Member of Parliament for Khulna-4
- In office 29 January 2014 – 26 July 2018
- Preceded by: Molla Jalal Uddin
- Succeeded by: Abdus Salam Murshedy
- In office 14 July 1996 – 13 July 2001
- Succeeded by: M. Nurul Islam
- In office 5 March 1991 – 24 November 1995
- Preceded by: Moktar Hossain

Personal details
- Born: 2 March 1953 Bagerhat District, East Bengal, Dominion of Pakistan
- Died: 26 July 2018 (aged 65) Singapore

= Mostafa Rashidi Suja =

Bangladeshi politician

S M Mostafa Rashidi Suja (2 March 1953 – 26 July 2018) was a Bangladeshi politician. He was elected to the Jatiya Sangsad as a member of the Bangladesh Awami League from the Khulna-4 constituency three times: in 1991, 1996 and 2014.

==Career==
Suja started his political career around 1968–69 as an activist of the Chhatra Union, the then students' wing of National Awami Party led by Abdul Hamid Khan Bhashani. He got involved with the Jubo League in 1972 and was elected the commissioner of Liakat Nagar Union under the Khulna municipality in 1979.
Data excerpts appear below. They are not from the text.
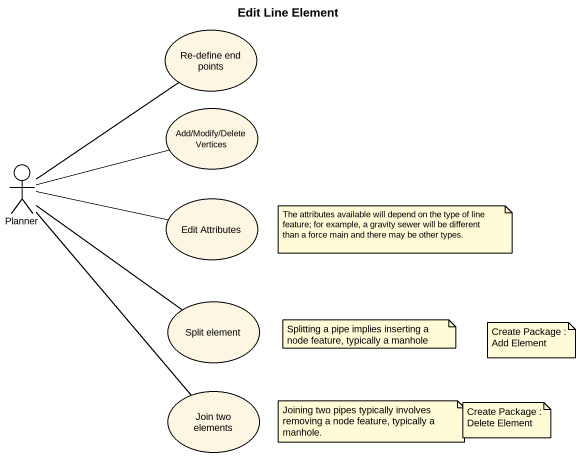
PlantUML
@startuml
title Edit Line Element
usecase "Re-define end points" as Re_define_end_points
usecase "Add/Modify/Delete Vertices" as Add_Modify_Delete_Vertices
actor Planner
usecase "Edit Attributes" as Edit_Attributes
usecase "Split element" as Split_element
usecase "Join two elements" as Join_two_elements
Planner -up- Re_define_end_points
Planner -right- Add_Modify_Delete_Vertices
Planner -right- Edit_Attributes
Planner -- Split_element
Planner -- Join_two_elements
note as N1
  The attributes available will depend on the type of line feature; for example, a gravity sewer will be different than a force main and there may be other types.
end note
note as N2
  Splitting a pipe implies inserting a node feature, typically a manhole
end note
note as N3
  Create Package : Add Element
end note
note as N4
  Joining two pipes typically involves removing a node feature, typically a manhole.
end note
note as N5
  Create Package : Delete Element
end note
@enduml

Suja served as the Jatiya Sangsad whip during 1991–1996.

In February 2007, the Anti-Corruption Commission (ACC) published a list of 50 persons of top corrupt suspects which included Suja's name. The 50 were asked to submit their wealth statements at the ACC office within 72 hours of receiving the notification. In July 2007, Suja, along with his wife Khodeja Rashidi and their two daughters Sanzida Rashidi Shimmi and Taniza Rashidi Turki were sued by the ACC for not submitting wealth statements. In March 2008, a Dhaka court sentenced Suja to 13 years and Khodeja to 3 years in jail on charges of amassing wealth illegally and providing false information. The couple was sent to jail after they surrendered to the trial court in June 2008. In July 2009, they were granted bail by the High Court.

Suja did not get the Awami League nomination for the 2008 general election because of the conviction.

==Personal life==
Suja had a son, S M Khaledin Rashidi Sukarno.

Suja died at the age of 68 on 27 July 2018, at Mount Elizabeth Hospital in Singapore, where he had sought treatment of kidney problems.